EXERCISE
Which lines of the listing hold the string "through"? Show each of them.

━━ RECORDS TO PROCESS

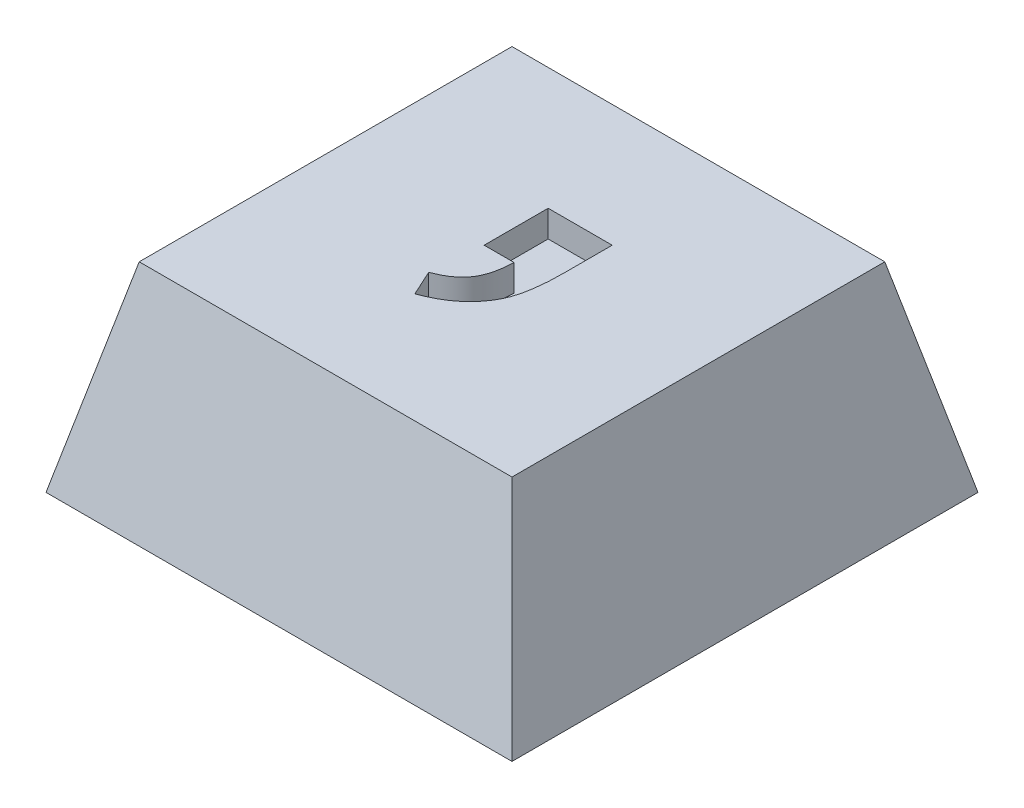
SolidWorks part; units mm, degrees
ref_plane "Front Plane" through (0, 0, 0) normal (0, 0, 1) x (1, 0, 0)
ref_plane "Top Plane" through (0, 0, 0) normal (0, 1, 0) x (1, 0, 0)
ref_plane "Right Plane" through (0, 0, 0) normal (1, 0, 0) x (0, 0, -1)
sketch "Sketch1" plane through (0, 0, 0) normal (0, 1, 0) x (1, 0, 0)
  line L1 (0, 0) -> (7, 0)
  line L2 (0, 0) -> (0, 7)
  line L3 (0, 7) -> (7, 7)
  line L4 (7, 0) -> (7, 7)
  dimension "D1" = 7
  dimension "D2" = 7
extrude "Boss-Extrude1" add sketch "Sketch1" along normal blind 3
sketch "Sketch2" plane through (0, 0, 0) normal (0, 0, 1) x (1, 0, 0)
  line L0 (0, 0) -> (0.7, 3)
  line L1 (0, 3) -> (7, 3) construction
  line L2 (0.7, 3) -> (0, 3)
  line L3 (0, 3) -> (0, 0)
  line L4 (7, 0) -> (6.3, 3)
  line L5 (6.3, 3) -> (7, 3)
  line L6 (7, 3) -> (7, 0)
  dimension "D1" = 0.7
  dimension "D2" = 0.7
extrude "Cut-Extrude1" cut sketch "Sketch2" against normal blind 7
sketch "Sketch3" plane through (0, 0, 0) normal (1, 0, 0) x (0, 0, -1)
  line L0 (0, 0) -> (0.7, 3)
  line L1 (7, 3) -> (0, 3) construction
  line L2 (0.7, 3) -> (0, 3)
  line L3 (0, 3) -> (0, 0)
  line L4 (7, 3) -> (6.3, 3)
  line L5 (6.3, 3) -> (7, 0)
  line L6 (7, 3) -> (7, 0)
  dimension "D1" = 0.7
  dimension "D2" = 0.7
extrude "Cut-Extrude2" cut sketch "Sketch3" along normal blind 11
sketch "Sketch4" plane through (0, 0, 0) normal (0, -1, 0) x (1, 0, 0)
  line L0 (3.5, 0) -> (3.5, -7) construction
  line L1 (0, 0) -> (7, 0) construction
  line L2 (7, -7) -> (0, -7) construction
  line L3 (0, -3.5) -> (7, -3.5) construction
  line L4 (0, -7) -> (0, 0) construction
  line L5 (7, 0) -> (7, -7) construction
  circle A0 centre (3.5, -3.5) radius 1.8
  dimension "D1" = 3.6
extrude "Cut-Extrude3" cut sketch "Sketch4" against normal blind 0.8
sketch "Sketch5" plane through (0, 3, 0) normal (0, 1, 0) x (1, 0, 0)
  text T0 "," font "Arial" height 5
extrude "Cut-Extrude4" cut sketch "Sketch5" against normal blind 0.4

━━━━

OUTPUT OF THE EXERCISE
ref_plane "Front Plane" through (0, 0, 0) normal (0, 0, 1) x (1, 0, 0)
ref_plane "Top Plane" through (0, 0, 0) normal (0, 1, 0) x (1, 0, 0)
ref_plane "Right Plane" through (0, 0, 0) normal (1, 0, 0) x (0, 0, -1)
sketch "Sketch1" plane through (0, 0, 0) normal (0, 1, 0) x (1, 0, 0)
sketch "Sketch2" plane through (0, 0, 0) normal (0, 0, 1) x (1, 0, 0)
sketch "Sketch3" plane through (0, 0, 0) normal (1, 0, 0) x (0, 0, -1)
sketch "Sketch4" plane through (0, 0, 0) normal (0, -1, 0) x (1, 0, 0)
sketch "Sketch5" plane through (0, 3, 0) normal (0, 1, 0) x (1, 0, 0)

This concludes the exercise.